Estimated reading time: 5 minutes
Weather description is one of the easiest ways for young writers (6 to 8 years old) to begin their compositions. This is also usually the first story starter that they are being taught in school.
For children who are weak in the language, writing a good weather description can be an easy and effective way to get them started in their composition.
However, most teachers do not encourage flowery weather descriptions such as these:
“White fluffy clouds dotted the azure blue sky as the sun beamed beatifically, casting a golden glow upon the earth.”
“The sky was an expanse of sapphire blue, dotted with feathery white clouds as the radiant rays of the sun shone brightly in the azure blue sky.”
You get the picture.
Proper Use of Weather Descriptions in English Compositions
Weather descriptions is an easy way for young writers to begin their stories.
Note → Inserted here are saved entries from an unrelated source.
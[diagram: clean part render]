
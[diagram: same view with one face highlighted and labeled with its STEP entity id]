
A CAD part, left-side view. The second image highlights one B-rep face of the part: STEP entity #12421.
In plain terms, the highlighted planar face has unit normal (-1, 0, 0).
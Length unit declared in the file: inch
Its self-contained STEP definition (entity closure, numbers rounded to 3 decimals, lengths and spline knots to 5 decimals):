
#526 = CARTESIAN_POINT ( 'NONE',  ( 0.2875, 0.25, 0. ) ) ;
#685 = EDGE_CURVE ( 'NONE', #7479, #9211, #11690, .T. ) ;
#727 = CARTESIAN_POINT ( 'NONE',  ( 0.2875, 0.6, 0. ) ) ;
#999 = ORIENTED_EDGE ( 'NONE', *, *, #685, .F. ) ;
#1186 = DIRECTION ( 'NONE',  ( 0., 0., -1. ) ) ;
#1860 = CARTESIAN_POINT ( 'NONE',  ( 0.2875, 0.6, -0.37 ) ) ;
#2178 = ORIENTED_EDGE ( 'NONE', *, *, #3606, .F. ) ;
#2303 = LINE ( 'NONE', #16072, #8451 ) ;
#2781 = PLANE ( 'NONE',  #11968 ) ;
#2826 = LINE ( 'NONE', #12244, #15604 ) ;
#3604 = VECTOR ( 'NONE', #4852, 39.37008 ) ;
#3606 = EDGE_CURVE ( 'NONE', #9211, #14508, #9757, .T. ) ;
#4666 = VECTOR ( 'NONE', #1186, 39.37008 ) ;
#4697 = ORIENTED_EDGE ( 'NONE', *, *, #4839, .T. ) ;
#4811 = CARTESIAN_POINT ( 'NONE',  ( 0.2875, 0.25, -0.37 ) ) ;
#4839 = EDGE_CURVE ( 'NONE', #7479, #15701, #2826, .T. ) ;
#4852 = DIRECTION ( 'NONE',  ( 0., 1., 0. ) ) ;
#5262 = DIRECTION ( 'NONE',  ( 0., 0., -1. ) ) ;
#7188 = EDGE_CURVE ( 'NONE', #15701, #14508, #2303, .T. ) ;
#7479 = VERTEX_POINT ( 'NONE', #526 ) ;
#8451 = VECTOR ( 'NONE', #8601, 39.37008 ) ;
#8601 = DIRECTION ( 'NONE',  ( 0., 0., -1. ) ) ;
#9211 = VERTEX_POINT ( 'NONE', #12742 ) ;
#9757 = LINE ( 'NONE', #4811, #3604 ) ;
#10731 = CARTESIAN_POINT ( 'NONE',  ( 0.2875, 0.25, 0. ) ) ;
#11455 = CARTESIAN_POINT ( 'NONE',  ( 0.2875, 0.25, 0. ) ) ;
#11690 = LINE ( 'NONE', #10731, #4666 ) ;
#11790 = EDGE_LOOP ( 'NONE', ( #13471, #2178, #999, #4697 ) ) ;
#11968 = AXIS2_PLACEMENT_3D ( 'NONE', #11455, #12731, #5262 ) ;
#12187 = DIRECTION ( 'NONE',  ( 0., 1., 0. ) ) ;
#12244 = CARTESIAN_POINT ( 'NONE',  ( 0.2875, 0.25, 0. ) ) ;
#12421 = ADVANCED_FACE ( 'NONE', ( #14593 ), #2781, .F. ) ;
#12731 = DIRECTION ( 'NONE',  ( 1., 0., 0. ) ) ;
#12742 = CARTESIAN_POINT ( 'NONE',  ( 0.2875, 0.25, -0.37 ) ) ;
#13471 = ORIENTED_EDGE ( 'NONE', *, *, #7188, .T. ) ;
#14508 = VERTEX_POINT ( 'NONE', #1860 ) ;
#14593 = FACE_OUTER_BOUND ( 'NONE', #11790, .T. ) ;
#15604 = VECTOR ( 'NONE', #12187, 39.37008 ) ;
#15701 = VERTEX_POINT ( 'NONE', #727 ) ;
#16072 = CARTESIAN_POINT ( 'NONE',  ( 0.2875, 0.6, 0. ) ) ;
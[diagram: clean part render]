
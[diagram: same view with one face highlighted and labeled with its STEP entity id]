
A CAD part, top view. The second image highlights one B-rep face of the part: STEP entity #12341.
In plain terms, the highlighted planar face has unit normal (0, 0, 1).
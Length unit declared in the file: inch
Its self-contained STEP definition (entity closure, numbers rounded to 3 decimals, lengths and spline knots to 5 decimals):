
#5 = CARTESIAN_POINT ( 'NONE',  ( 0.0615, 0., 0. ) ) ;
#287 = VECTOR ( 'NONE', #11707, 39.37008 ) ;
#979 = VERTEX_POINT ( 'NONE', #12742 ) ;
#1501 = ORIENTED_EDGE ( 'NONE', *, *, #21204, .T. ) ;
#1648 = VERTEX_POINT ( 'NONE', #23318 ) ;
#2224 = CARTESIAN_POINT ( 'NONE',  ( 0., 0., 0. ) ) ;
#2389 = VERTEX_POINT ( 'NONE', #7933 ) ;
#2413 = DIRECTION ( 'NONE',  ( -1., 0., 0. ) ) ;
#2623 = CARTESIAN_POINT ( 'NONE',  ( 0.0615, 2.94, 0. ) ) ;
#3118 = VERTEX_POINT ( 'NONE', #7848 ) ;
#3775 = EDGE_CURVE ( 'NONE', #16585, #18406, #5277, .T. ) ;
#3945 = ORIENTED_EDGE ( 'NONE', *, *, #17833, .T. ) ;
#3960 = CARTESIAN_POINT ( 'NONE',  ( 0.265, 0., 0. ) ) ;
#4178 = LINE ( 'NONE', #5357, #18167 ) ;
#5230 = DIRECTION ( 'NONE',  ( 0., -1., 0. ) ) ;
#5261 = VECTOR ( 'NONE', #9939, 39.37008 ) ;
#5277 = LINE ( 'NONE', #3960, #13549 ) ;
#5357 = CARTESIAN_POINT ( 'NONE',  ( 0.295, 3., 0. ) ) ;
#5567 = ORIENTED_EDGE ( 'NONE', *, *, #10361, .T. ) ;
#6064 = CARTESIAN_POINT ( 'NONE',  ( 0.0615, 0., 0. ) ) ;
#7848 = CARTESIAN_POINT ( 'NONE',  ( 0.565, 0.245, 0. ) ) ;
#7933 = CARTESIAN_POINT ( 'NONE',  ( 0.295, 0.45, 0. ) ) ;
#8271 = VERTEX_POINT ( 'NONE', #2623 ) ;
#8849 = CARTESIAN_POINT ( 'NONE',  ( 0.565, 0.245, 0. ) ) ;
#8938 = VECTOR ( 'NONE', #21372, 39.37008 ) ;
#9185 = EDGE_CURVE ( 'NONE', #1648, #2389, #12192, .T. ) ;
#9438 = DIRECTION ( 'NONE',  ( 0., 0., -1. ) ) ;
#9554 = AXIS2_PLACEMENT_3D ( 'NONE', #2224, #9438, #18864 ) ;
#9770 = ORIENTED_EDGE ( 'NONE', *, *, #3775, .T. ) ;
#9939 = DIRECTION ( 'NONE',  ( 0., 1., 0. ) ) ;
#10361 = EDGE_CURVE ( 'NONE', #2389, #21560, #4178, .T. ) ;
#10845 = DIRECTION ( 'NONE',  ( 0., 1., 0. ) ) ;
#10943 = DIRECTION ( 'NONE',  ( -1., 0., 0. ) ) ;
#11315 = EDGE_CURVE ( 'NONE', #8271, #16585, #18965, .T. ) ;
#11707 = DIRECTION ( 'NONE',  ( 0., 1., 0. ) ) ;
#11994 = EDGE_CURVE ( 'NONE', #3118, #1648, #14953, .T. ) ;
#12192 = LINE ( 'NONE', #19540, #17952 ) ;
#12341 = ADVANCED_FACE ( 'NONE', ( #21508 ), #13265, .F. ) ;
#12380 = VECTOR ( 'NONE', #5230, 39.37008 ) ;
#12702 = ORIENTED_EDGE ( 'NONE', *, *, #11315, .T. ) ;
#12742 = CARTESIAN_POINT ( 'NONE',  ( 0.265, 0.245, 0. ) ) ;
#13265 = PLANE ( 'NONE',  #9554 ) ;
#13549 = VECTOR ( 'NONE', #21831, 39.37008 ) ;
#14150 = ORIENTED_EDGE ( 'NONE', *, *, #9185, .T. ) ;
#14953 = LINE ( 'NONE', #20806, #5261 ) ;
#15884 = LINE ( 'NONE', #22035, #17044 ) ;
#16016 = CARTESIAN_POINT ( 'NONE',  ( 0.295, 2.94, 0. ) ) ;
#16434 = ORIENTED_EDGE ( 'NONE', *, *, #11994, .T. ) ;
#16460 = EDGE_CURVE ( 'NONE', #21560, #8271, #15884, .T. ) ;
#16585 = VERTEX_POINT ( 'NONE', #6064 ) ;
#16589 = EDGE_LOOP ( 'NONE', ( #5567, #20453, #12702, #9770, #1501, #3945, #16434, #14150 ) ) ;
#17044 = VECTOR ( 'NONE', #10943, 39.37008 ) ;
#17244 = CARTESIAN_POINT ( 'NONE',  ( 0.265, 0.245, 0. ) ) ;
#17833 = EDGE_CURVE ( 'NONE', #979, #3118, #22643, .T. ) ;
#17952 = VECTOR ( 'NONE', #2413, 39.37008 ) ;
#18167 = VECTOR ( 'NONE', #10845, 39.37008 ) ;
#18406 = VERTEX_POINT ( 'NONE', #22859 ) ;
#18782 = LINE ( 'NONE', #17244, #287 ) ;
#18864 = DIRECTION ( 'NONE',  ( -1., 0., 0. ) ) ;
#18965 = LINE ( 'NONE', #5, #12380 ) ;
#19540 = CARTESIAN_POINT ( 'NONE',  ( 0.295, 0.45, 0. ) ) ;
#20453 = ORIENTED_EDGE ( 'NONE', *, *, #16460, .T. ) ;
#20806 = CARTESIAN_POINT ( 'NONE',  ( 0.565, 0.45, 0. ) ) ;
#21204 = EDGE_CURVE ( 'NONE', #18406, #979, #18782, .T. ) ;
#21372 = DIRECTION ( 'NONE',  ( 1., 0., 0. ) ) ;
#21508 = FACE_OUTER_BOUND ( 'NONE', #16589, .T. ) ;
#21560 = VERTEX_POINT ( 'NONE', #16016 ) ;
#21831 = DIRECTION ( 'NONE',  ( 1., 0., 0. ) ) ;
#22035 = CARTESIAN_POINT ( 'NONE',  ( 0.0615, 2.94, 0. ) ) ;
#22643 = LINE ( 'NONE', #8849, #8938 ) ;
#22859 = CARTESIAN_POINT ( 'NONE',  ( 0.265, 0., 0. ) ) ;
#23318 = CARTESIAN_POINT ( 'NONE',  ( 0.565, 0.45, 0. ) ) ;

Primary 1 and 2 students can start their compositions with weather descriptions, if weather plays a part in the plot.
There is no need to memorise a hugh chunk of bombastic weather descriptions.
Simple words can sometimes be more effective than bombastic ones.
These are some of the weather descriptions written by our P1 and P2 students:
“It was a cool and breezy evening. A strong gust of wind blew against my face.”
“It was a bright and sunny morning. White, fluffy clouds drifted across the sky.”
“Lightning flashed across the sky. A storm was coming.”
Short. Simple. Readable.
The kids came up with these weather descriptions themselves, without memorising any bombastic phrases.
Most importantly, they are natural, something which children can understand, remember and apply in their writing.
Get this set of PSLE Model Compositions with writing techniques highlighted.
So, how can children be taught to write weather descriptions?
For children who are really weak in the language, even writing a simple sentence to describe a sunny day can be difficult. These children often resort to starting their compositions with “One day, we went…” or “One fine day, Peter was …” or “Last Sunday, my family and I …”.
Such story beginnings can be boring and not captivating.
Students can learn to write effective weather descriptions. In our classes, we get our students to do brainstorming.
1. Brainstorm and make a list of all kinds of weather that you can think of.
- cold and rainy
- cool and breezy
- bright and sunny
- scorching hot
2. For each weather type, imagine how the sky, sun, clouds and other weather elements look like.
Describe each element in simple, readable English.
Weather Type: BRIGHT AND SUNNY
Describe the sun:
– shines brilliantly
– like a fire ball
Describe the sky:
– clear, blue sky
Describe the clouds:
– white, fluffy clouds
– sunlit clouds
3. Form sentences using some of these descriptions.
It was a bright and sunny day. The sun shone brilliantly in the clear, blue sky.
It was a bright and sunny day. White, fluffy clouds drifted across the clear, blue sky.
The above 3 steps are effective in teaching young children (Primary 1 to 3) to come up with weather descriptions that sound natural. Most children are able to come up with beautiful weather descriptions without resorting to the method of memorising huge chunks of unreadable flowery language.
Use Weather Descriptions Appropriately
Some students have the habit of starting every composition with weather descriptions, regardless of topic or setting. Remember to use weather descriptions only if weather plays a part in your story. For example, if a rainy weather contributes to the plot of the story, it is a good idea to describe the weather, especially the rain and the coldness. If a story is set outdoors, it is fine to describe the weather too.
However, many students fell into the trap of starting their compositions with describing the sun, the clouds and the sky when their story is set indoors! This is a huge mistake, which should be stopped.
Other Types of Story Beginnings
For stories which are not set outdoors or not affected by the weather, there are other types of story beginnings that can be used.
Students can begin their compositions with speech, which is also a common way of beginning a primary school composition.
Another effective way is to begin with a captivating statement or an intriguing question. Such a beginning hooks readers immediately to read on. When used correctly, it piques a reader’s curiosity and make them want to continue reading to find out what happens next.
Upper primary students can begin their stories with character descriptions. This is useful to show a change in the character at the end of the story. For example, a timid person who became courageous, or a bully regretting his actions and turning over a new leaf.
Beginning with an action is great if you want to move the story along quickly. Students can use suitable vivid verbs to clearly describe a character’s actions at the beginning of the story.